- **Problem**
From the entries below, copy every line holding the word "ezdxf".

- **Task material**
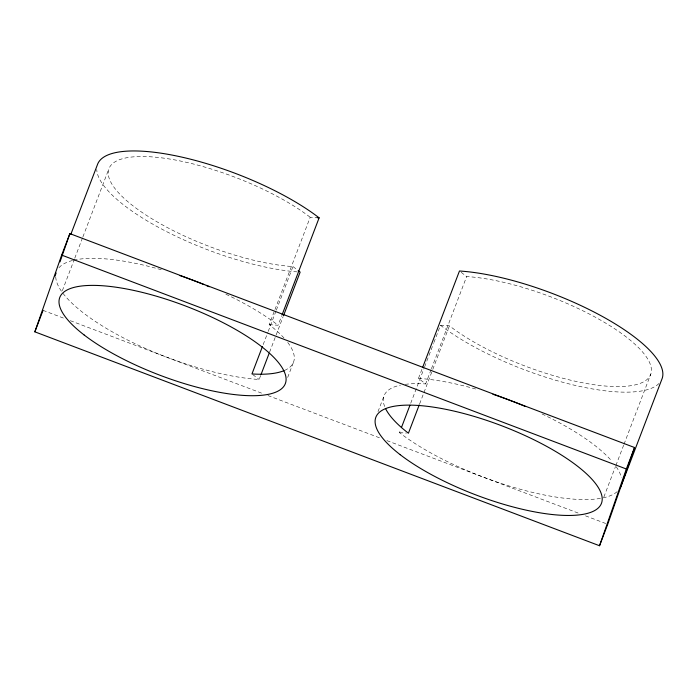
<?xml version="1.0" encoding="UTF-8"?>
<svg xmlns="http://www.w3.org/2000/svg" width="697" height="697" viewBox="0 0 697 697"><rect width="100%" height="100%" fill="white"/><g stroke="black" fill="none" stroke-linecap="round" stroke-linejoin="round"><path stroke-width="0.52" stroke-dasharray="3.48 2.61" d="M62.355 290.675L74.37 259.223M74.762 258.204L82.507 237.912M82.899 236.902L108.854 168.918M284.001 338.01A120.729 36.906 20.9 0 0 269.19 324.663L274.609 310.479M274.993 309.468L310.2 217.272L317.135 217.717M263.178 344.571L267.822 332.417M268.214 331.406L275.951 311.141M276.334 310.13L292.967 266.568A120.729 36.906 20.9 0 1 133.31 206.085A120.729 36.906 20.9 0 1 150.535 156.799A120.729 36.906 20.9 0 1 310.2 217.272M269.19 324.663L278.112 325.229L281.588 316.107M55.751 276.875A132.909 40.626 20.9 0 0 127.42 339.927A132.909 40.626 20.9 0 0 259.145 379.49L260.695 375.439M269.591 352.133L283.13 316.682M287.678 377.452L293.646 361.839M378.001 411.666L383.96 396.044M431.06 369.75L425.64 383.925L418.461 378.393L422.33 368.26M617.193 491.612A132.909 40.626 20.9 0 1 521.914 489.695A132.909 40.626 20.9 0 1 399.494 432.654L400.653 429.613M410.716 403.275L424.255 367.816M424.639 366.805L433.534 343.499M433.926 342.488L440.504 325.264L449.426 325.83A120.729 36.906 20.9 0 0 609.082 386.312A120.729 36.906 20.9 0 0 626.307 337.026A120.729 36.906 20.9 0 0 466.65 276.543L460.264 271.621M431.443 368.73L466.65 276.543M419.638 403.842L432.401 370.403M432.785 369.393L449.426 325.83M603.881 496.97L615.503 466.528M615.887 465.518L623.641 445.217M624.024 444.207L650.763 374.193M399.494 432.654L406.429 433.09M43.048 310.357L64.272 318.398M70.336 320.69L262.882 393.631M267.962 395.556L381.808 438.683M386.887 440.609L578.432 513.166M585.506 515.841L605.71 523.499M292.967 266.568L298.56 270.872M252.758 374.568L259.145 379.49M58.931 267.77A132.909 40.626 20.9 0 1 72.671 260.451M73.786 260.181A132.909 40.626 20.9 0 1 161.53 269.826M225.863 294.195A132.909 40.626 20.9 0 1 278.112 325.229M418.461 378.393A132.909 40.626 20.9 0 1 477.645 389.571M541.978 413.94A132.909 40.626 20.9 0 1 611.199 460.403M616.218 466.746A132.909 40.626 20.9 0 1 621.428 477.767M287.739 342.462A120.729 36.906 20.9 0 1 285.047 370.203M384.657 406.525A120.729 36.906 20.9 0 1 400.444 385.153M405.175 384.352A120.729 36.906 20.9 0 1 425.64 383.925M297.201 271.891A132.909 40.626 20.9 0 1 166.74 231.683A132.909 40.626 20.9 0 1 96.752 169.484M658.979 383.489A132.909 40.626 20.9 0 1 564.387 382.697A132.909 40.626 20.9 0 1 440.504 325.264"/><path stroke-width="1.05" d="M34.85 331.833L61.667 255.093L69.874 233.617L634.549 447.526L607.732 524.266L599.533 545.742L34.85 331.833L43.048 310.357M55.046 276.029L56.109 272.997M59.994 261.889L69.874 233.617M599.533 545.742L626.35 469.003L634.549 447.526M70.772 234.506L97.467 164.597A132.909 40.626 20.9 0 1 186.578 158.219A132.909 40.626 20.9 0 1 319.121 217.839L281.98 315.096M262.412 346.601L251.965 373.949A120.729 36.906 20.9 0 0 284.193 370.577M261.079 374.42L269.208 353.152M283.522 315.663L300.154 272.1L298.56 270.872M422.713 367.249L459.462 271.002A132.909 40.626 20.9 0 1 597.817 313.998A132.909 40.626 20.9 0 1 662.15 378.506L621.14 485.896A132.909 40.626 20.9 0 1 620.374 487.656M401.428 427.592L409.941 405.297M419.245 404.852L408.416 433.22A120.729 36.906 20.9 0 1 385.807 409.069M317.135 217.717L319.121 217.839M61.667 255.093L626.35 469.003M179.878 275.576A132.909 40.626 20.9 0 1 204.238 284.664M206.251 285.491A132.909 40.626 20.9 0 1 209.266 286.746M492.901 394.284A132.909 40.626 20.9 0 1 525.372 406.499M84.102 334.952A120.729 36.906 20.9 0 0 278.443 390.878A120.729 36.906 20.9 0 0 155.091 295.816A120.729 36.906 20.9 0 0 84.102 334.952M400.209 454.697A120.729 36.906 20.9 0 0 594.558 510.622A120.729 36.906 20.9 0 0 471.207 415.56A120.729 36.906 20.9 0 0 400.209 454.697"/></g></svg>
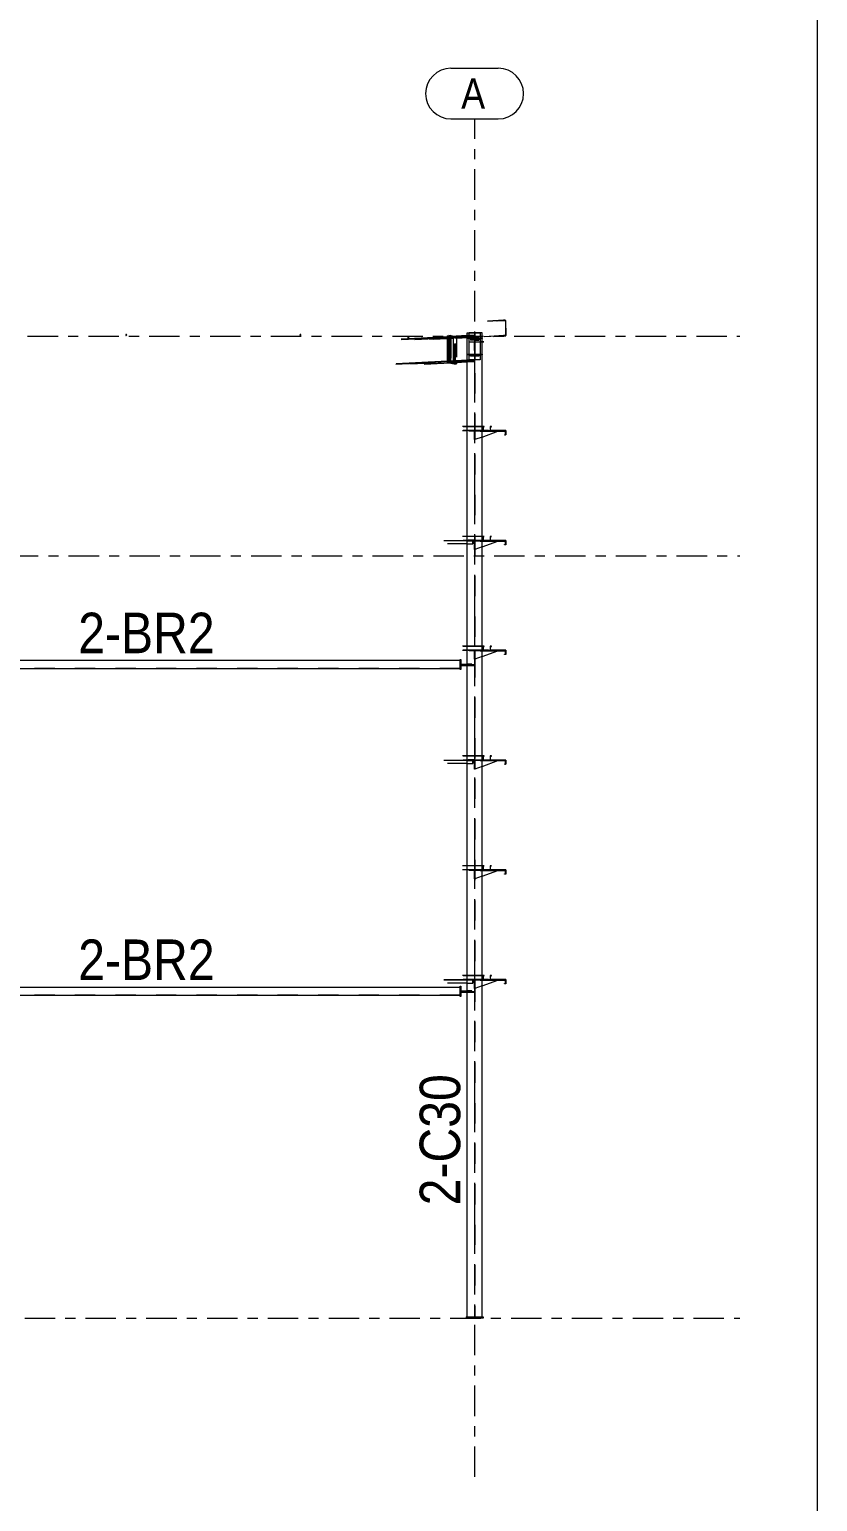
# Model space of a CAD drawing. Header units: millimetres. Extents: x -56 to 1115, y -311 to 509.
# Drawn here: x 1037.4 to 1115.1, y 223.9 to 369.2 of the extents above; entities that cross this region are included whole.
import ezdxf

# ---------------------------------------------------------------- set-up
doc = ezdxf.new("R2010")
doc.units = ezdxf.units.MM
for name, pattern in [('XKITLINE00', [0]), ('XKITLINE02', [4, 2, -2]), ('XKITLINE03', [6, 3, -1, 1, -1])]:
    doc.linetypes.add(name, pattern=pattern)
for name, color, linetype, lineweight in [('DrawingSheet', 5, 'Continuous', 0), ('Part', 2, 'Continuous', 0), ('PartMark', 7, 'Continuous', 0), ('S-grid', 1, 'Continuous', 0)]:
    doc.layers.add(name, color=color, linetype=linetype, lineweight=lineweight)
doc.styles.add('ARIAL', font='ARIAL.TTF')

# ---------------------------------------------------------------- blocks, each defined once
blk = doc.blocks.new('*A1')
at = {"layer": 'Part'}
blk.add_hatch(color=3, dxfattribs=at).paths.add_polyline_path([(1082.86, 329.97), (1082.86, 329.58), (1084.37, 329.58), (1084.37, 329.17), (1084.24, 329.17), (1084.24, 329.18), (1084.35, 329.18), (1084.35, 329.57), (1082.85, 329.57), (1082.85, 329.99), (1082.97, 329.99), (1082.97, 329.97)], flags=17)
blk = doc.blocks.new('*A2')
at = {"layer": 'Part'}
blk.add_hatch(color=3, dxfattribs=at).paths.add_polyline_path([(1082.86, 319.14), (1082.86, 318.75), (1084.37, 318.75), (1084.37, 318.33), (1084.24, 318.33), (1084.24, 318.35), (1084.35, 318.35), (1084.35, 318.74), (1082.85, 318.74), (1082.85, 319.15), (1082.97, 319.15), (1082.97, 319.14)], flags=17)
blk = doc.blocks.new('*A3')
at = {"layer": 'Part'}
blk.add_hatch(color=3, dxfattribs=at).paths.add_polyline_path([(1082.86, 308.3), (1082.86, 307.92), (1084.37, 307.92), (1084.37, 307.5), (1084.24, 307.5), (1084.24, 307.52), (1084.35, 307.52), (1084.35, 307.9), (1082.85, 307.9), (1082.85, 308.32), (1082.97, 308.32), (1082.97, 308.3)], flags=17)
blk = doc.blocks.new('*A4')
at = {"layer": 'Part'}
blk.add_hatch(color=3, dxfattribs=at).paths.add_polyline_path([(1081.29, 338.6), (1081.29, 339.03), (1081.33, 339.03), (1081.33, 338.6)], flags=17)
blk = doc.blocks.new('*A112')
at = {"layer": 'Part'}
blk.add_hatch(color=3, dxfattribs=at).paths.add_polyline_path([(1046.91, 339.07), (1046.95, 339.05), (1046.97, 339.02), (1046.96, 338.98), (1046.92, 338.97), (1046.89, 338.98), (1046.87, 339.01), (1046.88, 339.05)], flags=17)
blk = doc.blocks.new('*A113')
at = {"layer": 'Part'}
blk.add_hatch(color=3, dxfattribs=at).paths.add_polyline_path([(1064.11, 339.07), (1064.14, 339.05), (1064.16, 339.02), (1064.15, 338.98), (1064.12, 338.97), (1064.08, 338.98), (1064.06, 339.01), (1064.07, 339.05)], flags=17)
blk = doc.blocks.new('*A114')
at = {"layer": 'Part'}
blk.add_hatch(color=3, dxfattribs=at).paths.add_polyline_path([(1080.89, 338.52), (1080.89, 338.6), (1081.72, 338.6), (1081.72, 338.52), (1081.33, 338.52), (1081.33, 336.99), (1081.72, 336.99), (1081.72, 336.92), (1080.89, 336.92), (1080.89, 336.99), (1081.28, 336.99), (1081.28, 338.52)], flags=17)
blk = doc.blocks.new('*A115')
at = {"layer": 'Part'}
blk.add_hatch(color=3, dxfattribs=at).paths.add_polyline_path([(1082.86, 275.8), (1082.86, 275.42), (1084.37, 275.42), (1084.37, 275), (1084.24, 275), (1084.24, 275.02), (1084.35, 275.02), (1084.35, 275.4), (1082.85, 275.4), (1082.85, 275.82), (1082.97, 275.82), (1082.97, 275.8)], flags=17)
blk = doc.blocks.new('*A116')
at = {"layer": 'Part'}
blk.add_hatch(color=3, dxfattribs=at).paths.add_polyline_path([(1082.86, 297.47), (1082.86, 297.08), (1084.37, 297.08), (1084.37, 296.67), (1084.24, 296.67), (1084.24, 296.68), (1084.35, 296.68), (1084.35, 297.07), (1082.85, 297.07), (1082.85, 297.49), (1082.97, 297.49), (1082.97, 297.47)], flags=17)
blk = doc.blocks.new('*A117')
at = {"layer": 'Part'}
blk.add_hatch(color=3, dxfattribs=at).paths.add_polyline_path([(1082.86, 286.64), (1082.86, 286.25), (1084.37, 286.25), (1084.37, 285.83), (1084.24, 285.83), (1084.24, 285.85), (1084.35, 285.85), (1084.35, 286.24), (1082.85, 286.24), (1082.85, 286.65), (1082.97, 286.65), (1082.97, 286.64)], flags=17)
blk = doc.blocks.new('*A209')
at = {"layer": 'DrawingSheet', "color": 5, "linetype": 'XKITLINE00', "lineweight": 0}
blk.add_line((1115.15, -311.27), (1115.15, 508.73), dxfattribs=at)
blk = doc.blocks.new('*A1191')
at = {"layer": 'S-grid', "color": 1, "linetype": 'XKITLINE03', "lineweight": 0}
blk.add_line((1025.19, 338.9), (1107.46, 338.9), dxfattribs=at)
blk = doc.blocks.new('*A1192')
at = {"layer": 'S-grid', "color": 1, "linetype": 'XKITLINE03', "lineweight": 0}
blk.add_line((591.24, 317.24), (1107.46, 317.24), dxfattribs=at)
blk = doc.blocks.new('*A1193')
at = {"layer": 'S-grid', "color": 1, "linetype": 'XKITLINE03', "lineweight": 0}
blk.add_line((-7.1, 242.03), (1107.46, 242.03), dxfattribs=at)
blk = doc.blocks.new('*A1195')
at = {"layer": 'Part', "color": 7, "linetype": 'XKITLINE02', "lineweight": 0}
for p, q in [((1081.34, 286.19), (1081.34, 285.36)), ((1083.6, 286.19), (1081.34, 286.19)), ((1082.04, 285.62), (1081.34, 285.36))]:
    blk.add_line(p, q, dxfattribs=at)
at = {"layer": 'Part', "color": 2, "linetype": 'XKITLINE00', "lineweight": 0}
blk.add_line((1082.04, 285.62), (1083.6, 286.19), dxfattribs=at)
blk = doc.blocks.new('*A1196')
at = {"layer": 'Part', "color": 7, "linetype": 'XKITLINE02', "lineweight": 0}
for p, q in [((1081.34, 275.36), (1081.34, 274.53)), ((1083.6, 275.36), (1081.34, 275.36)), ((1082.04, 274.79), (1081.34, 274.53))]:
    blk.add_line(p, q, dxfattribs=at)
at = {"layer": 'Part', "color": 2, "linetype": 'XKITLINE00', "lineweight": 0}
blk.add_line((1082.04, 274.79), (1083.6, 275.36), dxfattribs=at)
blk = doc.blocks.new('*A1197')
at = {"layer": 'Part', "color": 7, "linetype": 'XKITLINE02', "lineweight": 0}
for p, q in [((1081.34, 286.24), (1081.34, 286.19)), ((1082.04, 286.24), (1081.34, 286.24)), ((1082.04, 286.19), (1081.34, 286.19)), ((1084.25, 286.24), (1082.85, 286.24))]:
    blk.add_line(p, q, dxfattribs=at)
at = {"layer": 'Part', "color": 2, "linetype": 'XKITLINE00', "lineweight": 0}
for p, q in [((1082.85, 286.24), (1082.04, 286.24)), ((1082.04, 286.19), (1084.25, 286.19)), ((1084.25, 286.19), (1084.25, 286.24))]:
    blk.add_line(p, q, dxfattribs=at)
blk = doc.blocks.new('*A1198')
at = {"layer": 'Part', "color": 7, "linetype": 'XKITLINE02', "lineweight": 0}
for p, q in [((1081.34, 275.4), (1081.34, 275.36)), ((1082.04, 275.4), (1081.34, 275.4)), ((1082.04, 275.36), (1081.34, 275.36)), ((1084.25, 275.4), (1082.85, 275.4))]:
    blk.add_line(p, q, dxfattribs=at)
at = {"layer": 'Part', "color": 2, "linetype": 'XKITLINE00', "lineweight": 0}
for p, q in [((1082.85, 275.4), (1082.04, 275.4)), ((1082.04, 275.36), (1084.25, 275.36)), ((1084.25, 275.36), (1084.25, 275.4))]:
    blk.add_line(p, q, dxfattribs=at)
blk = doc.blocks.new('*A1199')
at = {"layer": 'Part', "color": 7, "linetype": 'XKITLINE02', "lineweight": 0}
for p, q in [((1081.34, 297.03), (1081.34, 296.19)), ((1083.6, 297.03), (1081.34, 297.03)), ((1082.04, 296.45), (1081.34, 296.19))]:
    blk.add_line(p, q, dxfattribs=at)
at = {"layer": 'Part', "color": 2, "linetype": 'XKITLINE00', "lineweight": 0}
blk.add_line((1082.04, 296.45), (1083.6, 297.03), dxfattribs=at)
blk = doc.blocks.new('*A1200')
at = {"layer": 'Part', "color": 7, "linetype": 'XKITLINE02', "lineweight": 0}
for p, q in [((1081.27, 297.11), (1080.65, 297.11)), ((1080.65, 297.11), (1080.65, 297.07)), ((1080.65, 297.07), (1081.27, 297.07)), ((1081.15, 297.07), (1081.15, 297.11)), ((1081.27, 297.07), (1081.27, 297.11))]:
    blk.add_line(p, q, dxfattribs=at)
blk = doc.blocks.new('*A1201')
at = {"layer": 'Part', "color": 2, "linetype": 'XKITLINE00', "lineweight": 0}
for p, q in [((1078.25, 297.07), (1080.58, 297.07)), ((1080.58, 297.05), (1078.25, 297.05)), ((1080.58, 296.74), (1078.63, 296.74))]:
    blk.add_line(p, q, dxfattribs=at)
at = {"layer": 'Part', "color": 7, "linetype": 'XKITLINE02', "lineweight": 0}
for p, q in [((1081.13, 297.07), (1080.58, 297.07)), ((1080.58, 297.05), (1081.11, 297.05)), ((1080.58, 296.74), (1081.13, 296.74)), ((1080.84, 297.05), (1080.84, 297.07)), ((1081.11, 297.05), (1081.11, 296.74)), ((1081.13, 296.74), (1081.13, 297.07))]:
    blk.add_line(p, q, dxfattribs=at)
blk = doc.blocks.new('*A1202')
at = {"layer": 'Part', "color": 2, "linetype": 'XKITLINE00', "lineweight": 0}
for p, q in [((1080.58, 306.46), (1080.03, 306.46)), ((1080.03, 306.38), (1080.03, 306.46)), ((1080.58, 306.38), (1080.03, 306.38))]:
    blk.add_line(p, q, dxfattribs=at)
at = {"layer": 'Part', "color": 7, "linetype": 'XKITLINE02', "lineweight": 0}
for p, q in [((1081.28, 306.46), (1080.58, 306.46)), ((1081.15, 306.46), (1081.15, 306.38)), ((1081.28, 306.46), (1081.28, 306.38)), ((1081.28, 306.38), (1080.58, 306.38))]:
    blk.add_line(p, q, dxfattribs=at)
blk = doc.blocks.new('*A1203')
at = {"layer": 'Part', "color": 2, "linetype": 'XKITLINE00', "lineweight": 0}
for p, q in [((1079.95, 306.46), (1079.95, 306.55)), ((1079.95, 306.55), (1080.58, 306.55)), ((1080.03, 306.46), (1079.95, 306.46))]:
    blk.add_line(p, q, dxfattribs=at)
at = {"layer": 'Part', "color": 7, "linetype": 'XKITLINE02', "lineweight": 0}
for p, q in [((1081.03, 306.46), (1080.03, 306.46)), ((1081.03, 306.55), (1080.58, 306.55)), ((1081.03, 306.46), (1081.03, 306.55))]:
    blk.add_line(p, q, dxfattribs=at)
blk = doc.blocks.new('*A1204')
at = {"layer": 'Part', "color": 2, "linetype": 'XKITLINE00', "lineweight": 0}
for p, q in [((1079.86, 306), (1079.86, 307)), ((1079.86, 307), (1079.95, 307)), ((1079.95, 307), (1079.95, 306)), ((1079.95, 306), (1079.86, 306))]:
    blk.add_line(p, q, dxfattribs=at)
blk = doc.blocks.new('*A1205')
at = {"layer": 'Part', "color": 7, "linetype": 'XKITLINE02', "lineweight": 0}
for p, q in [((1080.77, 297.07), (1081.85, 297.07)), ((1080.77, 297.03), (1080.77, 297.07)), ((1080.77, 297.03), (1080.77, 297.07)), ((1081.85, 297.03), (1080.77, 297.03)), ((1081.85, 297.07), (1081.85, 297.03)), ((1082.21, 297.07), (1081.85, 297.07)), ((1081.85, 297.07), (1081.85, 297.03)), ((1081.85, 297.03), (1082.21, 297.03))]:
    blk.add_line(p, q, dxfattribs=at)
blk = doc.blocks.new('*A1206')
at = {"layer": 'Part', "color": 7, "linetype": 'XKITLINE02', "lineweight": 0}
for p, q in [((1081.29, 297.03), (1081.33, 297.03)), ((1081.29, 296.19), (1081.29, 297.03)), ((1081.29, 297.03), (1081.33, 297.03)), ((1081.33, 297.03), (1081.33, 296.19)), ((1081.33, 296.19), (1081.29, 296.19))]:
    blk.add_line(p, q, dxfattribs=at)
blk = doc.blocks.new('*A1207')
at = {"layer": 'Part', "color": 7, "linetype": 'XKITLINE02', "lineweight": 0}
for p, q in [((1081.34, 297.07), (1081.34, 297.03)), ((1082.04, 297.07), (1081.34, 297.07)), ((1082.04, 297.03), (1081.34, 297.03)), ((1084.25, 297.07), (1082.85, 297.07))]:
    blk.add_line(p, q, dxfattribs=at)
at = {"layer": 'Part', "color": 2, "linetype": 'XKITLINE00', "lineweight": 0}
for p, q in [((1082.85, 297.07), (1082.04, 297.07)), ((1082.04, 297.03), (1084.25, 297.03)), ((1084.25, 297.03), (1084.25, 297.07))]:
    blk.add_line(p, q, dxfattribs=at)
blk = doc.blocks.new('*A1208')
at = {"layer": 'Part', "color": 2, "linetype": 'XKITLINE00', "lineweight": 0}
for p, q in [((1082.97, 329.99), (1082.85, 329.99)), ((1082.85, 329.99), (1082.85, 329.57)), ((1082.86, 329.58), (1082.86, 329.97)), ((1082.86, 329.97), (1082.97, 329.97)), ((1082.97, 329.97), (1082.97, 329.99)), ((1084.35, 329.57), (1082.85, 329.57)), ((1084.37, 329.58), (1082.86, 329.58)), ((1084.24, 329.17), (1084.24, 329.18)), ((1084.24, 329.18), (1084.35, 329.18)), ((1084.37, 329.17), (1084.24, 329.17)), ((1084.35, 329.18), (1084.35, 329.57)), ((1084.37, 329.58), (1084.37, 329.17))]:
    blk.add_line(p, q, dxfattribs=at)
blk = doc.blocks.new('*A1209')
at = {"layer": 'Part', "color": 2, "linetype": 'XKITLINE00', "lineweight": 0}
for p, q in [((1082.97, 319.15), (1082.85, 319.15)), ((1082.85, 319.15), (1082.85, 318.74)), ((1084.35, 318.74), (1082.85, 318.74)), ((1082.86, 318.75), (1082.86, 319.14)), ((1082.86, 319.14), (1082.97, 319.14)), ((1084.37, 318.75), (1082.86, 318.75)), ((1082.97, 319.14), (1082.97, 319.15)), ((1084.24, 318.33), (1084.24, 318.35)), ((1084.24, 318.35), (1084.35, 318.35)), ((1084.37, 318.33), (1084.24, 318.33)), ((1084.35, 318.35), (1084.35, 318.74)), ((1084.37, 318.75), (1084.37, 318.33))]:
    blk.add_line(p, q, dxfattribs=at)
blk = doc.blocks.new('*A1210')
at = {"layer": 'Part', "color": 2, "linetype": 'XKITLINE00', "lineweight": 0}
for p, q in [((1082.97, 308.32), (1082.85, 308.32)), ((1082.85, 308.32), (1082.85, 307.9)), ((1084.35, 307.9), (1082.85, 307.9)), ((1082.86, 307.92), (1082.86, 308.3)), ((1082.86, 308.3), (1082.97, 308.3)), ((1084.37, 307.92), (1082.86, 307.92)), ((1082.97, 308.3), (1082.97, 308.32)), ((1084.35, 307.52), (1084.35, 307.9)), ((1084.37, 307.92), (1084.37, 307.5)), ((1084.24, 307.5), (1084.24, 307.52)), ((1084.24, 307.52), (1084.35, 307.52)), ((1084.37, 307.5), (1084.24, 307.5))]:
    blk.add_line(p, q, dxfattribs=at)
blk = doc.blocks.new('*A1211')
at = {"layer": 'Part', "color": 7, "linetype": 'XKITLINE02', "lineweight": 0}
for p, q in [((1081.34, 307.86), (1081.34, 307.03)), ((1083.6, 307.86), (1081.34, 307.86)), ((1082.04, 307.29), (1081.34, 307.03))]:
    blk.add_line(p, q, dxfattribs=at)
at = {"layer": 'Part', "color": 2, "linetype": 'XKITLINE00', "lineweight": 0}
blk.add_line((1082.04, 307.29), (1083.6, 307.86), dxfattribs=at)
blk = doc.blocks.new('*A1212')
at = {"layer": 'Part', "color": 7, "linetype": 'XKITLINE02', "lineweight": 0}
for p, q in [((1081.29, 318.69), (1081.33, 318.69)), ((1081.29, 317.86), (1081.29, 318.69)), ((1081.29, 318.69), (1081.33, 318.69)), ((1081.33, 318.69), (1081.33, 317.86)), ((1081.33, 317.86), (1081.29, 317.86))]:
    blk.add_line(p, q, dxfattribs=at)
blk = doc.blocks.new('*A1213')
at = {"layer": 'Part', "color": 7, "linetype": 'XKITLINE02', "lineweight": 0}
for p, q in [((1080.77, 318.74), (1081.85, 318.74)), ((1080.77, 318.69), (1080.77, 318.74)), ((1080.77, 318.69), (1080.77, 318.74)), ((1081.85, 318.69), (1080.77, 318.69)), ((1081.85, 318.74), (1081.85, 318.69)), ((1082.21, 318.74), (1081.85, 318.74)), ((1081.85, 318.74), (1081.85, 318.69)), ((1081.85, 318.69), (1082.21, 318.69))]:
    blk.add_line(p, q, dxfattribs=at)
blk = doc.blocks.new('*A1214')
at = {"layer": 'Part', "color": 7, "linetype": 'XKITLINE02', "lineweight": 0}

- **Solution to the problem**
import ezdxf
doc = ezdxf.new("R2010")
doc.units = ezdxf.units.MM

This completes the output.